Required action> From the records below, transcribe exactly the lines that begin at the line with "#55=EDGE_CURVE('E133',#29,#54,#52,.T.);" and end at the line with "#62=VECTOR('',#61,1.);", both included.
(Beginning of Input material)
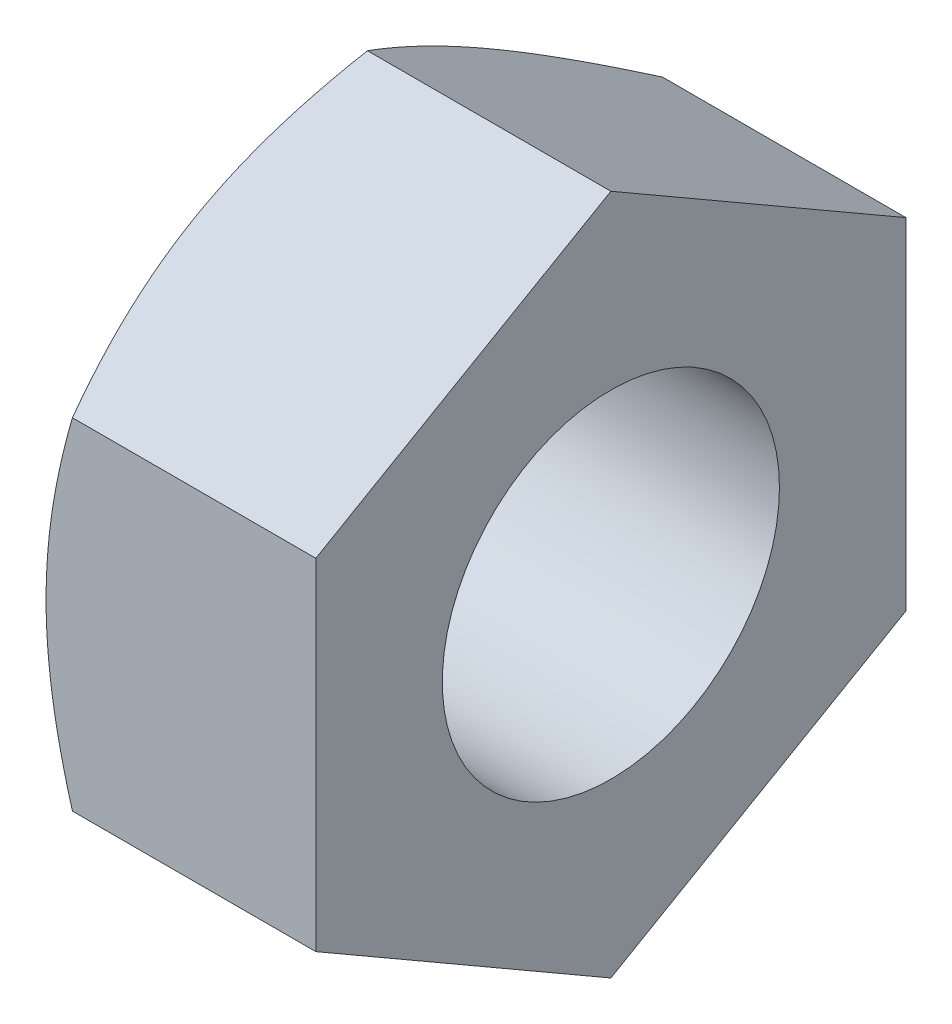
ISO-10303-21;
HEADER;
FILE_DESCRIPTION(('STEP AP214'),'2;1');
FILE_NAME('part.step','',(''),(''),'','','');
FILE_SCHEMA(('AUTOMOTIVE_DESIGN { 1 0 10303 214 1 1 1 1 }'));
ENDSEC;
DATA;
#1=APPLICATION_CONTEXT('core data for automotive mechanical design processes');
#2=APPLICATION_PROTOCOL_DEFINITION('international standard','automotive_design',2000,#1);
#3=PRODUCT_CONTEXT('',#1,'mechanical');
#4=PRODUCT('Part','Part','',(#3));
#5=PRODUCT_RELATED_PRODUCT_CATEGORY('part','',(#4));
#6=PRODUCT_DEFINITION_FORMATION('','',#4);
#7=PRODUCT_DEFINITION_CONTEXT('part definition',#1,'design');
#8=PRODUCT_DEFINITION('design','',#6,#7);
#9=PRODUCT_DEFINITION_SHAPE('','',#8);
#10=(LENGTH_UNIT() NAMED_UNIT(*) SI_UNIT(.MILLI.,.METRE.));
#11=(NAMED_UNIT(*) PLANE_ANGLE_UNIT() SI_UNIT($,.RADIAN.));
#12=(NAMED_UNIT(*) SI_UNIT($,.STERADIAN.) SOLID_ANGLE_UNIT());
#13=UNCERTAINTY_MEASURE_WITH_UNIT(LENGTH_MEASURE(1.E-05),#10,'distance_accuracy_value','');
#14=(GEOMETRIC_REPRESENTATION_CONTEXT(3) GLOBAL_UNCERTAINTY_ASSIGNED_CONTEXT((#13)) GLOBAL_UNIT_ASSIGNED_CONTEXT((#10,
#11,#12)) REPRESENTATION_CONTEXT('',''));
#15=CARTESIAN_POINT('',(0.,0.,0.));
#16=DIRECTION('',(0.,0.,1.));
#17=DIRECTION('',(1.,0.,0.));
#18=AXIS2_PLACEMENT_3D('',#15,#16,#17);
#19=CARTESIAN_POINT('',(-3.2,2.02072594216369,-3.5));
#20=DIRECTION('',(0.,0.866025403784438,-0.5));
#21=DIRECTION('',(0.,0.5,0.866025403784439));
#22=AXIS2_PLACEMENT_3D('',#19,#20,#21);
#23=PLANE('',#22);
#24=DIRECTION('',(1.,0.,0.));
#25=VECTOR('',#24,1.);
#26=CARTESIAN_POINT('',(-3.2,2.02072594216369,-3.5));
#27=LINE('',#26,#25);
#28=CARTESIAN_POINT('',(-2.88739260883036,2.0207259421637,-3.5));
#29=VERTEX_POINT('',#28);
#30=CARTESIAN_POINT('',(0.,2.02072594216369,-3.5));
#31=VERTEX_POINT('',#30);
#32=EDGE_CURVE('E149',#29,#31,#27,.T.);
#33=ORIENTED_EDGE('',*,*,#32,.F.);
#34=CARTESIAN_POINT('',(-2.88732593930663,2.02061047210986,-3.5002));
#35=CARTESIAN_POINT('',(-2.93861421101002,2.10941108799267,-3.34639282154755));
#36=CARTESIAN_POINT('',(-2.98525904618381,2.19897822522909,-3.19125798916558));
#37=CARTESIAN_POINT('',(-3.06667812446665,2.37966345361545,-2.87830199342322));
#38=CARTESIAN_POINT('',(-3.10142356441544,2.47078475532382,-2.7204752692125));
#39=CARTESIAN_POINT('',(-3.15550997281716,2.65189807961074,-2.40677778961987));
#40=CARTESIAN_POINT('',(-3.17521091373962,2.74186223545399,-2.25095530083931));
#41=CARTESIAN_POINT('',(-3.19872986726275,2.92221386641056,-1.93857711279463));
#42=CARTESIAN_POINT('',(-3.20256735545443,3.01260068598001,-1.78202254896577));
#43=CARTESIAN_POINT('',(-3.19458469812302,3.1814939814933,-1.48949078007901));
#44=CARTESIAN_POINT('',(-3.18472456593039,3.26002573814993,-1.3534697875421));
#45=CARTESIAN_POINT('',(-3.1534735331006,3.41657761679354,-1.08231397971101));
#46=CARTESIAN_POINT('',(-3.1320719567142,3.49459719728458,-0.947180102315318));
#47=CARTESIAN_POINT('',(-3.07856959211942,3.65147186489429,-0.675465207594817));
#48=CARTESIAN_POINT('',(-3.04624200555491,3.73030709667644,-0.538918580721665));
#49=CARTESIAN_POINT('',(-2.97287106619201,3.88680174018324,-0.267861907055499));
#50=CARTESIAN_POINT('',(-2.93184495343014,3.96446315689009,-0.133348387531463));
#51=CARTESIAN_POINT('',(-2.88732593930663,4.04156735438122,0.000199999999999847));
#52=B_SPLINE_CURVE_WITH_KNOTS('',3,(#34,#35,#36,#37,#38,#39,#40,#41,#42,#43,#44,#45,#46,#47,#48,
#49,#50,#51),.UNSPECIFIED.,.F.,.F.,(4,2,2,2,2,2,2,2,4),(0.,0.554793832886253,1.11092123814983,
1.65328467083218,2.19498204478403,2.6666513085086,3.13875761298267,3.62133612600509,
4.10296698719187),.UNSPECIFIED.);
#53=CARTESIAN_POINT('',(-3.2,3.03108891324554,-1.75));
#54=VERTEX_POINT('',#53);
#55=EDGE_CURVE('E133',#29,#54,#52,.T.);
#56=ORIENTED_EDGE('',*,*,#55,.T.);
#57=CARTESIAN_POINT('',(-2.88739260883036,4.04145188432738,0.));
#58=VERTEX_POINT('',#57);
#59=EDGE_CURVE('E62',#54,#58,#52,.T.);
#60=ORIENTED_EDGE('',*,*,#59,.T.);
#61=DIRECTION('',(1.,0.,0.));
#62=VECTOR('',#61,1.);
#63=CARTESIAN_POINT('',(-3.2,4.04145188432738,0.));
#64=LINE('',#63,#62);
#65=CARTESIAN_POINT('',(0.,4.04145188432738,0.));
#66=VERTEX_POINT('',#65);
#67=EDGE_CURVE('E128',#58,#66,#64,.T.);
#68=ORIENTED_EDGE('',*,*,#67,.T.);
#69=DIRECTION('',(0.,0.5,0.866025403784438));
#70=VECTOR('',#69,1.);
#71=CARTESIAN_POINT('',(0.,2.02072594216369,-3.5));
#72=LINE('',#71,#70);
#73=EDGE_CURVE('E163',#31,#66,#72,.T.);
#74=ORIENTED_EDGE('',*,*,#73,.F.);
#75=EDGE_LOOP('',(#33,#56,#60,#68,#74));
#76=FACE_BOUND('',#75,.T.);
#77=ADVANCED_FACE('F50',(#76),#23,.T.);
#78=CARTESIAN_POINT('',(-3.2,-2.02072594216369,-3.5));
#79=DIRECTION('',(0.,0.,-1.));
#80=DIRECTION('',(0.,1.,0.));
#81=AXIS2_PLACEMENT_3D('',#78,#79,#80);
#82=PLANE('',#81);
#83=DIRECTION('',(1.,0.,0.));
#84=VECTOR('',#83,1.);
#85=CARTESIAN_POINT('',(-3.2,-2.02072594216369,-3.5));
#86=LINE('',#85,#84);
#87=CARTESIAN_POINT('',(-2.88739260883036,-2.02072594216369,-3.50000000000001));
#88=VERTEX_POINT('',#87);
#89=CARTESIAN_POINT('',(0.,-2.02072594216369,-3.5));
#90=VERTEX_POINT('',#89);
#91=EDGE_CURVE('E147',#88,#90,#86,.T.);
#92=ORIENTED_EDGE('',*,*,#91,.F.);
#93=CARTESIAN_POINT('',(-1.52515592752212,-5.35926424048622,-3.5));
#94=CARTESIAN_POINT('',(-1.59941768502556,-5.20559440559575,-3.5));
#95=CARTESIAN_POINT('',(-1.67294121943884,-5.05156124454358,-3.5));
#96=CARTESIAN_POINT('',(-1.81808999583269,-4.74257181977882,-3.5));
#97=CARTESIAN_POINT('',(-1.88971490914505,-4.58761540185546,-3.5));
#98=CARTESIAN_POINT('',(-2.03102192117542,-4.27574595068724,-3.5));
#99=CARTESIAN_POINT('',(-2.10069055636515,-4.11882679505208,-3.5));
#100=CARTESIAN_POINT('',(-2.23703539071704,-3.80369874616064,-3.5));
#101=CARTESIAN_POINT('',(-2.30371174586118,-3.64548992064164,-3.5));
#102=CARTESIAN_POINT('',(-2.43406790909367,-3.32556686799683,-3.5));
#103=CARTESIAN_POINT('',(-2.49770087927351,-3.16383345099893,-3.5));
#104=CARTESIAN_POINT('',(-2.6199830990462,-2.83845895714228,-3.5));
#105=CARTESIAN_POINT('',(-2.67863179416419,-2.67481767033956,-3.5));
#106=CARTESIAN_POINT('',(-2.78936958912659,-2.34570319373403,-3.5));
(End of Input material)
Final answer>
#55=EDGE_CURVE('E133',#29,#54,#52,.T.);
#56=ORIENTED_EDGE('',*,*,#55,.T.);
#57=CARTESIAN_POINT('',(-2.88739260883036,4.04145188432738,0.));
#58=VERTEX_POINT('',#57);
#59=EDGE_CURVE('E62',#54,#58,#52,.T.);
#60=ORIENTED_EDGE('',*,*,#59,.T.);
#61=DIRECTION('',(1.,0.,0.));
#62=VECTOR('',#61,1.);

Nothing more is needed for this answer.